Limitations include the use of healthy volunteers who all undertook regular exercise and therefore, the immune changes seen with acute exercise may be modest compared to those who do not regularly exercise, which more accurately reflect the advanced mesothelioma and pancreatic cancer population. Blood tests were done immediately following exercise but at no further time points. Studies have revealed that exercise-induced release of cytokines, such as IL-6, can peak up to 2 h after exercise completion [32]. Therefore, there may not have been enough time to detect a significant change in cytokines, which could account for the lack of cell viability differences between pre- and post-exercise-conditioned sera. Future studies should look at different time points post-exercise, as well as include patients with cancer. Future work should also include exploration of the mechanism behind the observed exercise-induced immune effects using proteomic immune assays to quantify a wide range of cytokines/myokines.

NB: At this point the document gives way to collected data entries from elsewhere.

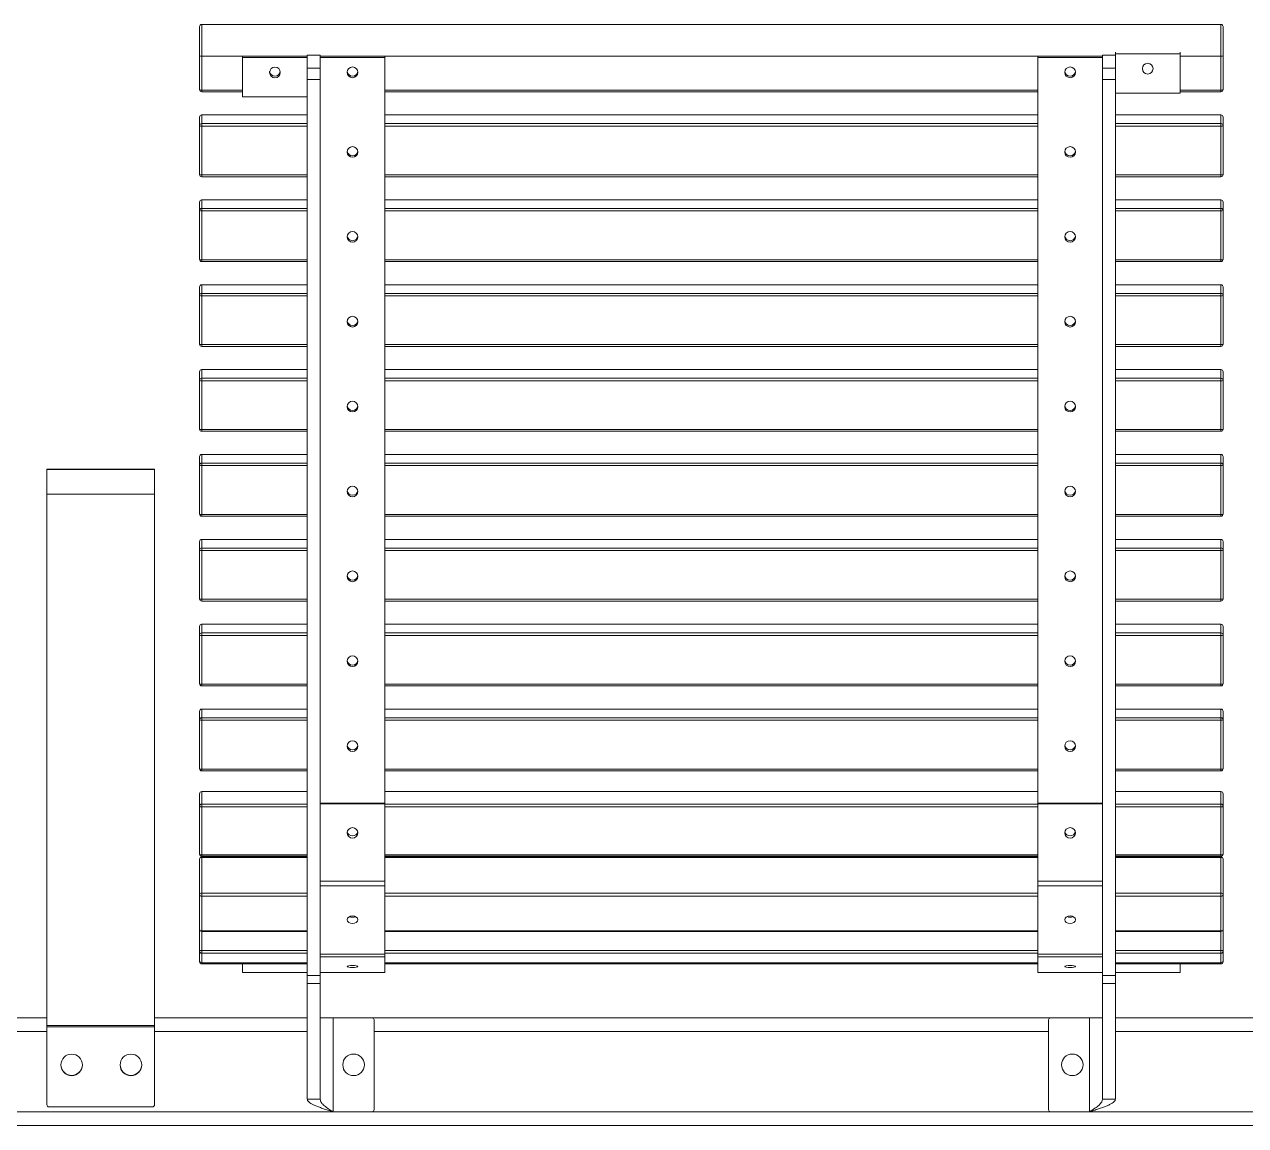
# Model space of a CAD drawing. Header units: millimetres. Extents: x 2717 to 8657, y -3129 to 1071.
# Drawn here: x 4169 to 4735, y -2093 to -1582 of the extents above; entities that cross this region are included whole.
import ezdxf

# ---------------------------------------------------------------- set-up
doc = ezdxf.new("R2010")
doc.units = ezdxf.units.MM

# ---------------------------------------------------------------- blocks, each defined once
blk = doc.blocks.new('tyl')
at = {"color": 7, "linetype": 'Continuous', "lineweight": 15}
for p, q in [((-3773.95, 1920.91), (-3773.95, 1934.4)), ((-3299.95, 1935.4), (-3772.95, 1935.4)), ((-3772.95, 1935.4), (-3772.95, 1920.73)), ((-3299.95, 1920.73), (-3299.95, 1935.4)), ((-3298.95, 1934.4), (-3298.95, 1920.91)), ((-3723.95, 1921.18), (-3717.95, 1921.18)), ((-3723.95, 1921.18), (-3723.95, 1920.41)), ((-3717.95, 1921.18), (-3717.95, 1920.41)), ((-3354.95, 1921.18), (-3348.95, 1921.18)), ((-3354.95, 1921.18), (-3354.95, 1920.41)), ((-3348.95, 1922.45), (-3348.95, 1921.78)), ((-3318.95, 1921.78), (-3348.95, 1921.78)), ((-3348.95, 1921.78), (-3348.95, 1919.67)), ((-3318.95, 1922.45), (-3318.95, 1921.78)), ((-3318.95, 1903.56), (-3318.95, 1921.78)), ((-3773.95, 1905.13), (-3773.95, 1920.91)), ((-3772.95, 1920.73), (-3772.95, 1904.96)), ((-3772.95, 1920.73), (-3753.95, 1920.73)), ((-3723.95, 1920.73), (-3753.95, 1920.73)), ((-3753.95, 1920.73), (-3753.95, 1920.04)), ((-3723.95, 1920.04), (-3753.95, 1920.04)), ((-3753.95, 1920.04), (-3753.95, 1901.81)), ((-3723.95, 1920.41), (-3723.95, 1920.04)), ((-3723.95, 1919.54), (-3723.95, 1920.04)), ((-3723.95, 1919.54), (-3723.95, 1915.06)), ((-3687.95, 1920.73), (-3717.95, 1920.73)), ((-3717.95, 1920.04), (-3717.95, 1920.41)), ((-3687.95, 1920.04), (-3717.95, 1920.04)), ((-3717.95, 1920.04), (-3717.95, 1919.54)), ((-3717.95, 1919.54), (-3717.95, 1915.06)), ((-3687.95, 1920.04), (-3687.95, 1920.73)), ((-3687.95, 1920.73), (-3384.95, 1920.73)), ((-3687.95, 1920.04), (-3687.95, 1573.99)), ((-3354.95, 1920.73), (-3384.95, 1920.73)), ((-3384.95, 1920.04), (-3384.95, 1920.73)), ((-3354.95, 1920.04), (-3384.95, 1920.04)), ((-3384.95, 1920.04), (-3384.95, 1573.99)), ((-3354.95, 1920.04), (-3354.95, 1920.41)), ((-3354.95, 1920.04), (-3354.95, 1919.54)), ((-3354.95, 1919.54), (-3354.95, 1915.06)), ((-3348.95, 1919.67), (-3348.95, 1915.06)), ((-3318.95, 1920.73), (-3299.95, 1920.73)), ((-3299.95, 1904.96), (-3299.95, 1920.73)), ((-3298.95, 1920.91), (-3298.95, 1905.13)), ((-3723.95, 1915.06), (-3717.95, 1915.06)), ((-3723.95, 1909.8), (-3723.95, 1915.06)), ((-3717.95, 1909.8), (-3723.95, 1909.8)), ((-3723.95, 1909.8), (-3723.95, 1494.07)), ((-3717.95, 1915.06), (-3717.95, 1909.8)), ((-3717.95, 1909.8), (-3717.95, 1494.07)), ((-3354.95, 1915.06), (-3348.95, 1915.06)), ((-3354.95, 1909.8), (-3354.95, 1915.06)), ((-3348.95, 1909.8), (-3354.95, 1909.8)), ((-3354.95, 1909.8), (-3354.95, 1494.07)), ((-3348.95, 1915.06), (-3348.95, 1909.8)), ((-3348.95, 1909.8), (-3348.95, 1494.07)), ((-3772.95, 1904.96), (-3753.95, 1904.96)), ((-3772.95, 1904.13), (-3772.95, 1904.96)), ((-3772.95, 1904.13), (-3753.95, 1904.13)), ((-3687.95, 1904.96), (-3384.95, 1904.96)), ((-3687.95, 1904.13), (-3384.95, 1904.13)), ((-3318.95, 1904.96), (-3299.95, 1904.96)), ((-3318.95, 1904.13), (-3299.95, 1904.13)), ((-3299.95, 1904.96), (-3299.95, 1904.13)), ((-3753.95, 1901.81), (-3723.95, 1901.81)), ((-3348.95, 1903.56), (-3318.95, 1903.56)), ((-3723.95, 1893.38), (-3772.95, 1893.38)), ((-3772.95, 1893.38), (-3772.95, 1893.37)), ((-3772.95, 1893.37), (-3772.95, 1889.38)), ((-3723.95, 1893.37), (-3772.95, 1893.37)), ((-3384.95, 1893.38), (-3687.95, 1893.38)), ((-3384.95, 1893.37), (-3687.95, 1893.37)), ((-3299.95, 1893.38), (-3348.95, 1893.38)), ((-3299.95, 1893.37), (-3348.95, 1893.37)), ((-3299.95, 1893.37), (-3299.95, 1893.38)), ((-3299.95, 1889.38), (-3299.95, 1893.37)), ((-3773.95, 1888.39), (-3773.95, 1892.38)), ((-3773.95, 1865.74), (-3773.95, 1888.39)), ((-3772.95, 1888.22), (-3772.95, 1889.38)), ((-3772.95, 1889.38), (-3723.95, 1889.38)), ((-3772.95, 1888.22), (-3772.95, 1865.57)), ((-3723.95, 1888.22), (-3772.95, 1888.22)), ((-3687.95, 1889.38), (-3384.95, 1889.38)), ((-3384.95, 1888.22), (-3687.95, 1888.22)), ((-3348.95, 1889.38), (-3299.95, 1889.38)), ((-3299.95, 1888.22), (-3348.95, 1888.22)), ((-3299.95, 1889.38), (-3299.95, 1888.22)), ((-3299.95, 1865.57), (-3299.95, 1888.22)), ((-3298.95, 1892.38), (-3298.95, 1888.39)), ((-3298.95, 1888.39), (-3298.95, 1865.74)), ((-3772.95, 1865.57), (-3723.95, 1865.57)), ((-3772.95, 1864.74), (-3772.95, 1865.57)), ((-3772.95, 1864.74), (-3723.95, 1864.74)), ((-3687.95, 1865.57), (-3384.95, 1865.57)), ((-3687.95, 1864.74), (-3384.95, 1864.74)), ((-3348.95, 1865.57), (-3299.95, 1865.57)), ((-3348.95, 1864.74), (-3299.95, 1864.74)), ((-3299.95, 1865.57), (-3299.95, 1864.74)), ((-3723.95, 1853.99), (-3772.95, 1853.99)), ((-3772.95, 1853.99), (-3772.95, 1853.98)), ((-3772.95, 1853.98), (-3772.95, 1849.98)), ((-3723.95, 1853.98), (-3772.95, 1853.98)), ((-3384.95, 1853.99), (-3687.95, 1853.99)), ((-3384.95, 1853.98), (-3687.95, 1853.98)), ((-3299.95, 1853.99), (-3348.95, 1853.99)), ((-3299.95, 1853.98), (-3348.95, 1853.98)), ((-3299.95, 1853.98), (-3299.95, 1853.99)), ((-3299.95, 1849.98), (-3299.95, 1853.98)), ((-3773.95, 1849), (-3773.95, 1852.99)), ((-3773.95, 1826.35), (-3773.95, 1849)), ((-3772.95, 1848.82), (-3772.95, 1849.98)), ((-3772.95, 1849.98), (-3723.95, 1849.98)), ((-3772.95, 1848.82), (-3772.95, 1826.17)), ((-3723.95, 1848.82), (-3772.95, 1848.82)), ((-3687.95, 1849.98), (-3384.95, 1849.98)), ((-3384.95, 1848.82), (-3687.95, 1848.82)), ((-3348.95, 1849.98), (-3299.95, 1849.98)), ((-3299.95, 1848.82), (-3348.95, 1848.82)), ((-3299.95, 1849.98), (-3299.95, 1848.82)), ((-3299.95, 1826.17), (-3299.95, 1848.82)), ((-3298.95, 1852.99), (-3298.95, 1849)), ((-3298.95, 1849), (-3298.95, 1826.35)), ((-3772.95, 1826.17), (-3723.95, 1826.17)), ((-3772.95, 1825.35), (-3772.95, 1826.17)), ((-3772.95, 1825.35), (-3723.95, 1825.35)), ((-3687.95, 1826.17), (-3384.95, 1826.17)), ((-3687.95, 1825.35), (-3384.95, 1825.35)), ((-3348.95, 1826.17), (-3299.95, 1826.17)), ((-3348.95, 1825.35), (-3299.95, 1825.35)), ((-3299.95, 1826.17), (-3299.95, 1825.35)), ((-3773.95, 1809.61), (-3773.95, 1813.6)), ((-3723.95, 1814.6), (-3772.95, 1814.6)), ((-3772.95, 1814.6), (-3772.95, 1814.58)), ((-3772.95, 1814.58), (-3772.95, 1810.59)), ((-3723.95, 1814.58), (-3772.95, 1814.58)), ((-3384.95, 1814.6), (-3687.95, 1814.6)), ((-3384.95, 1814.58), (-3687.95, 1814.58)), ((-3299.95, 1814.6), (-3348.95, 1814.6)), ((-3299.95, 1814.58), (-3348.95, 1814.58)), ((-3299.95, 1814.58), (-3299.95, 1814.6)), ((-3299.95, 1810.59), (-3299.95, 1814.58)), ((-3298.95, 1813.6), (-3298.95, 1809.61)), ((-3773.95, 1786.96), (-3773.95, 1809.61)), ((-3772.95, 1809.43), (-3772.95, 1810.59)), ((-3772.95, 1810.59), (-3723.95, 1810.59)), ((-3772.95, 1809.43), (-3772.95, 1786.78)), ((-3723.95, 1809.43), (-3772.95, 1809.43)), ((-3687.95, 1810.59), (-3384.95, 1810.59)), ((-3384.95, 1809.43), (-3687.95, 1809.43)), ((-3348.95, 1810.59), (-3299.95, 1810.59)), ((-3299.95, 1809.43), (-3348.95, 1809.43)), ((-3299.95, 1810.59), (-3299.95, 1809.43)), ((-3299.95, 1786.78), (-3299.95, 1809.43)), ((-3298.95, 1809.61), (-3298.95, 1786.96)), ((-3772.95, 1786.78), (-3723.95, 1786.78)), ((-3772.95, 1785.96), (-3772.95, 1786.78)), ((-3772.95, 1785.96), (-3723.95, 1785.96)), ((-3687.95, 1786.78), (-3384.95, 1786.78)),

The lack of visibility of the pancreatic tumours with the IVIS suggests issues with regard to luciferase expression as well as potential interference from the black fur on the mice. Reviewing the effect of exercise in a different pancreatic cancer model with a different cell line could provide validation of its beneficial effects.

5. Conclusions

In summary, our findings have shown a single bout of high-intensity interval aerobic exercise significantly increases circulating NK cells and reduces Tregs, providing the optimum environment to boost anti-cancer activity. Exercise-conditioned serum exerts anti-cancer effects against pancreatic cancer and mesothelioma cells in vitro. Moderate-intensity exercise combined with anti-PD1 increases tumour necrosis reduces metastatic disease and transforms the TME towards a hot phenotype. This provides a strong basis for investigating whether this effect can be seen systemically and intratumourally in patients with advanced cancer, warranting further exploration with clinical trials.